A few times a year, once during the Holidays, and then again at the end of the school year, exams come into focus for families of students. For some, exams represent a last chance to pass their classes. For others, exams can often be exempted due to high scoring grades. And for everyone else, exams are an annoying reality of school that will require some extra studying and a lot of extra stress for both kids and parents.
Many parents often feel a burden to know strategies and tricks on how to help their kids succeed during exams. A quick Google search will show you a plethora of information, some good and some questionable. At my practice, when I talk to parents of my teenage clients, I usually focus on three things.
1. Preparation
When it comes to exams, the common sense part is pretty simple; traditional thoughts like studying three to four days beforehand, getting plenty of sleep and eating breakfast before the exam all make sense. Additionally, a home environment free of chaos, fighting or huge changes are more likely to be a positive environment conducive to studying. If your family is moving, fighting or struggling, that will most likely have a negative impact on your child’s ability to study or perform.
2. Exam anxiety
Teens can often fall into an anxiety-spiral when feeling stressed about preparing for exams. An anxiety-spiral is a negative thought punctuated by worry and failure that gets worse and worse at each turn. It might look something like this: “If I fail this test, I won’t get an A in this class. If I don’t get an A in this class then I won’t get into the college I want to go to.
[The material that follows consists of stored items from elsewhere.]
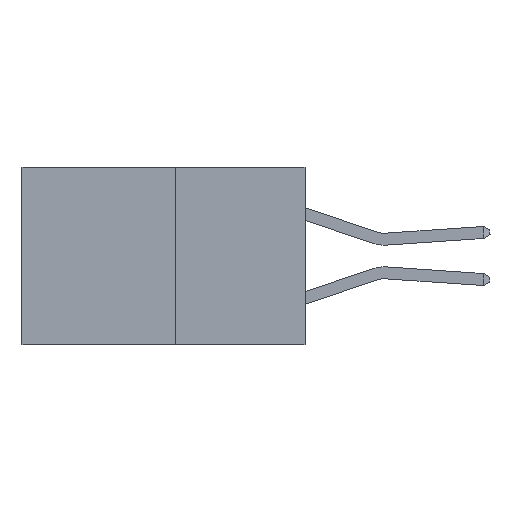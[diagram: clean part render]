
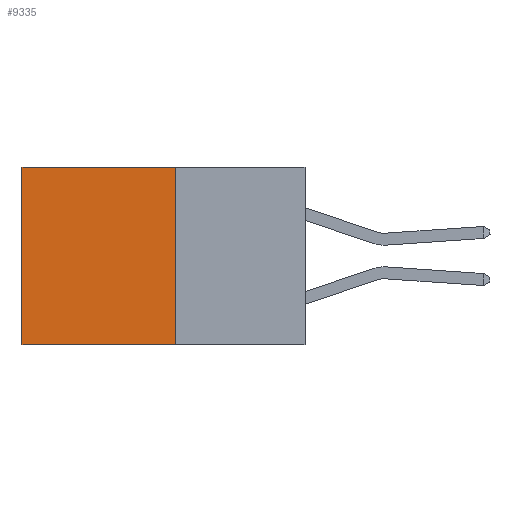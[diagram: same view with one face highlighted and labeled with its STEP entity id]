
A CAD part, left-side view. The second image highlights one B-rep face of the part: STEP entity #9335.
In plain terms, the highlighted planar face has unit normal (-1, 0, 0).
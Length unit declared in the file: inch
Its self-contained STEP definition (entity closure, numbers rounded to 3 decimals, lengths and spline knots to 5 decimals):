
#122 = CARTESIAN_POINT ( 'NONE',  ( 0.277, 0.59, -0.37 ) ) ;
#864 = DIRECTION ( 'NONE',  ( 0., 0., -1. ) ) ;
#1552 = CARTESIAN_POINT ( 'NONE',  ( 0.277, 0.59, 0. ) ) ;
#2710 = VERTEX_POINT ( 'NONE', #12471 ) ;
#2769 = LINE ( 'NONE', #6590, #12840 ) ;
#2859 = EDGE_LOOP ( 'NONE', ( #11584, #15688, #13399, #10888 ) ) ;
#3797 = EDGE_CURVE ( 'NONE', #11204, #7956, #8818, .T. ) ;
#4063 = LINE ( 'NONE', #5019, #10615 ) ;
#4306 = CARTESIAN_POINT ( 'NONE',  ( 0.277, 0.27, 0. ) ) ;
#4491 = DIRECTION ( 'NONE',  ( 0., 1., 0. ) ) ;
#5019 = CARTESIAN_POINT ( 'NONE',  ( 0.277, 0.27, -0.37 ) ) ;
#5393 = PLANE ( 'NONE',  #9965 ) ;
#5419 = EDGE_CURVE ( 'NONE', #7956, #5427, #2769, .T. ) ;
#5427 = VERTEX_POINT ( 'NONE', #122 ) ;
#5583 = VECTOR ( 'NONE', #864, 39.37008 ) ;
#6590 = CARTESIAN_POINT ( 'NONE',  ( 0.277, 0.59, -0.37 ) ) ;
#6723 = DIRECTION ( 'NONE',  ( 1., 0., 0. ) ) ;
#7401 = CARTESIAN_POINT ( 'NONE',  ( 0.277, 0.27, -0.37 ) ) ;
#7956 = VERTEX_POINT ( 'NONE', #1552 ) ;
#8342 = CARTESIAN_POINT ( 'NONE',  ( 0.277, 0.27, 0. ) ) ;
#8818 = LINE ( 'NONE', #4306, #11862 ) ;
#8820 = FACE_OUTER_BOUND ( 'NONE', #2859, .T. ) ;
#9100 = LINE ( 'NONE', #7401, #5583 ) ;
#9335 = ADVANCED_FACE ( 'NONE', ( #8820 ), #5393, .F. ) ;
#9965 = AXIS2_PLACEMENT_3D ( 'NONE', #13270, #6723, #15851 ) ;
#10615 = VECTOR ( 'NONE', #15495, 39.37008 ) ;
#10888 = ORIENTED_EDGE ( 'NONE', *, *, #3797, .T. ) ;
#11204 = VERTEX_POINT ( 'NONE', #8342 ) ;
#11584 = ORIENTED_EDGE ( 'NONE', *, *, #5419, .T. ) ;
#11862 = VECTOR ( 'NONE', #4491, 39.37008 ) ;
#12471 = CARTESIAN_POINT ( 'NONE',  ( 0.277, 0.27, -0.37 ) ) ;
#12840 = VECTOR ( 'NONE', #14484, 39.37008 ) ;
#12849 = EDGE_CURVE ( 'NONE', #2710, #5427, #4063, .T. ) ;
#13270 = CARTESIAN_POINT ( 'NONE',  ( 0.277, 0.27, -0.37 ) ) ;
#13399 = ORIENTED_EDGE ( 'NONE', *, *, #15911, .F. ) ;
#14484 = DIRECTION ( 'NONE',  ( 0., 0., -1. ) ) ;
#15495 = DIRECTION ( 'NONE',  ( 0., 1., 0. ) ) ;
#15688 = ORIENTED_EDGE ( 'NONE', *, *, #12849, .F. ) ;
#15851 = DIRECTION ( 'NONE',  ( 0., 0., -1. ) ) ;
#15911 = EDGE_CURVE ( 'NONE', #11204, #2710, #9100, .T. ) ;

If I don’t get into the college I want, then I won’t get the job I want, if I don’t get the job I want, then I won’t be successful, if I’m not successful, then I’ll be homeless and addicted to drugs.”
Avoid anxiety spirals with deep breathing, fact-checking worst-case scenarios, and staying in the present moment. You can help your kids stay in the present moment by encouraging them not to focus on what might happen while also avoiding past regrets or failures. Encourage them to focus on what they can do right now..
As a parent, ask yourself how much pressure YOU might be putting on them to get into the college you prefer them to attend? Are you buying into a worst case scenario?
3. Natural consequences
As hard as it night be, it’s important to let your kid learn from failure. You can allow natural consequences to occur while still balancing it with empathy, and love. You simply let the results of a choice happen without rescuing, escaping, or shifting blame. You don’t plead with the teacher or school. Or pretend it didn’t happen. Or allow them to blame the teacher or the exam for their lack of preparation.
You can respond with empathy and give them ownership. Say something like “I’m so sorry you failed this exam. I know that must not be a good feeling. I believe you are smart enough to do better though. What do you think you could’ve done differently?”
The first part of this, “I’m so sorry you failed this exam. I know it must not be a good feeling” is the empathy part. This is where you make the relational connection. If you are angry, exhausted or drained, you will have a hard time doing this. I would suggest taking time to yourself before having this conversation. The second part of this is a positive belief and a question. ASKING questions to your teen about what they think they should do is often more affective than TELLING them what to do. “I believe you are smart enough to do better” is the positive belief. “What do you think you could’ve done differently?” puts the ball back in their court.